Upper Airway Obstruction (UAO) and restrictive respiratory dysfunction is the main accepted etiology during various respiratory abnormalities in PD patients . It is well known that symptomatic UAO is not common in PD. Little is known as mentioned stridor, which is the lethal form of UAO. Cheah et al  has demonstrated that the three etiologies of stridor in PD as follows: bilateral vocal cord paralysis, laryngeal spasm, and dystonia of the pharyngeal, jaw, and neck muscles. UAO is associated with the high degree of dorsal column arthrosis which due to restriction in movement affected by thoraco-abdominal movements .

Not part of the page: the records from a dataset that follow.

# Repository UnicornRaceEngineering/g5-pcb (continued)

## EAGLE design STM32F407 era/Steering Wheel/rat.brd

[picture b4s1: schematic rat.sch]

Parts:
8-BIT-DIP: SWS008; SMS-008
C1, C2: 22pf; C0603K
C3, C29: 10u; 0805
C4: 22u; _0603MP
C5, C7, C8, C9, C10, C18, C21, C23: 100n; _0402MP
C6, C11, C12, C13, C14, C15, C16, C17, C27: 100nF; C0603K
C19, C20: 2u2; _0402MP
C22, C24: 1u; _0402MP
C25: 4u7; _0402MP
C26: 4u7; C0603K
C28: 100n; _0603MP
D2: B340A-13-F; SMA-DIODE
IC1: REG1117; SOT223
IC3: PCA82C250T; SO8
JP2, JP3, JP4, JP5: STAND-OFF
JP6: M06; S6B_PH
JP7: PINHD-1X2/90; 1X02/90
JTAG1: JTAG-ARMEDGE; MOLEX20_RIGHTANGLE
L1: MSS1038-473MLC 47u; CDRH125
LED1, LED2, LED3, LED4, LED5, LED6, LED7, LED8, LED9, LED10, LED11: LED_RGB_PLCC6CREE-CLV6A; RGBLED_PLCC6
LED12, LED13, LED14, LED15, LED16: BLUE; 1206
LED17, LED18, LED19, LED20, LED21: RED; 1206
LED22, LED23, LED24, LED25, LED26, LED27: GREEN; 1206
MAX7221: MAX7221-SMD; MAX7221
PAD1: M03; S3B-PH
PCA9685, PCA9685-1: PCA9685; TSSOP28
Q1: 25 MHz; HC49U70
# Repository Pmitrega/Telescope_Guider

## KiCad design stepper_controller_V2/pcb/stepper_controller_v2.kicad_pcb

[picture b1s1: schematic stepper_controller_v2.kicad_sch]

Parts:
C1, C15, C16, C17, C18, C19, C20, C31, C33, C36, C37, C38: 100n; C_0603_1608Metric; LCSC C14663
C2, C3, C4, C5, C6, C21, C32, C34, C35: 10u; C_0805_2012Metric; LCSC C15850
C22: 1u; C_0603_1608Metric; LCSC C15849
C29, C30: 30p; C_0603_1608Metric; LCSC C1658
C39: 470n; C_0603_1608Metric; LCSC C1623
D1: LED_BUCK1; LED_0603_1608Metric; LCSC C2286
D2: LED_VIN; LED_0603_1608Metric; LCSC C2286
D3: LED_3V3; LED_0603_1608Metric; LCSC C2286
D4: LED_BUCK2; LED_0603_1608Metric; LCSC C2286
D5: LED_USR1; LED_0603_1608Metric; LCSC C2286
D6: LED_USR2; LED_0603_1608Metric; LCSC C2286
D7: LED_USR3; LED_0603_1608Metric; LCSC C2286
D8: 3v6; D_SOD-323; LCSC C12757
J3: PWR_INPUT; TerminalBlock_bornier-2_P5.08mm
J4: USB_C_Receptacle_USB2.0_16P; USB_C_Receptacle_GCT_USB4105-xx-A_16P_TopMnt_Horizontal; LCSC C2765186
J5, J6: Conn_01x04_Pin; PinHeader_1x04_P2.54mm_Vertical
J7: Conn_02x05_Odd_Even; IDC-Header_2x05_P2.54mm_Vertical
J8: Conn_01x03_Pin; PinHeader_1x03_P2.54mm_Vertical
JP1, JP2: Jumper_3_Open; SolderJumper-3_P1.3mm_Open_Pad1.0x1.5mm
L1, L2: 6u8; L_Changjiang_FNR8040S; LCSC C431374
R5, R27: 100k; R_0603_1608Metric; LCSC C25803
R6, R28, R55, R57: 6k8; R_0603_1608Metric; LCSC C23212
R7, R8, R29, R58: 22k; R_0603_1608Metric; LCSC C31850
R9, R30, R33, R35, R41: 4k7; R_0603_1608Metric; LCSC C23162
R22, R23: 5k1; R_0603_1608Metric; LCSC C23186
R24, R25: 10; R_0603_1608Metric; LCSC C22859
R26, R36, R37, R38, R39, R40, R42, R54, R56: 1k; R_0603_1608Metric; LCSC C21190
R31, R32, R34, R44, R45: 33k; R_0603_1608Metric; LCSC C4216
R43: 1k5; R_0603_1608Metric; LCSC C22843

Bilateral vocal cord paralysis is the most common reason of stridor, which can be detected with the laryngoscopy, it is the predictor that high-pitched sounds occasionally when agitated in normal life for PD to exposed to stridor . The pathogenesis of vocal cord paralysis may involve in the degeneration of the nucleus ambiguous, which has been demonstrated in patients with multiple system atrophy .
Laryngeal spasm is the second reason for stridor, striated muscles of the upper airway are invariably involved in the involuntary movement characteristic of PD, moreover, copious oral secretion, can trigger laryngospasm .
The rare cause of stridor is the dystonia of the pharyngeal, jaw, and neck muscles. In our case, the stridor associated with dyskinesia of limb mostly due to the above reasons and abnormal thoraco-abdominal movements.
When the emergence of respiratory dyskinesia, especially severe stridor in acute setting, the priority management is secure airway quickly and safely, intubation and tracheostomy are often indicated [15,17]. Secondly, respiratory dyskinesia can be disappeared with titrated haloperidol which is a butyrophenone neuroleptic that acts via competitive blockade of D2 family receptors on basal ganglia post-synaptic neurons . Thirdly, respiratory dyskinesia can be resolved with reduction or minimization of levodopa and administration of dopamine agonist . Lastly, respiratory dyskinesia can be also treated with surgery operation, such as GPI-DBS  and STN-DBS , Surprisingly, respiratory dyskinesia can happen post-operation of DBS .
In conclusion, the mechanism of respiratory dyskinesia of PD is not unclear, we will insist on studying this item on the future days.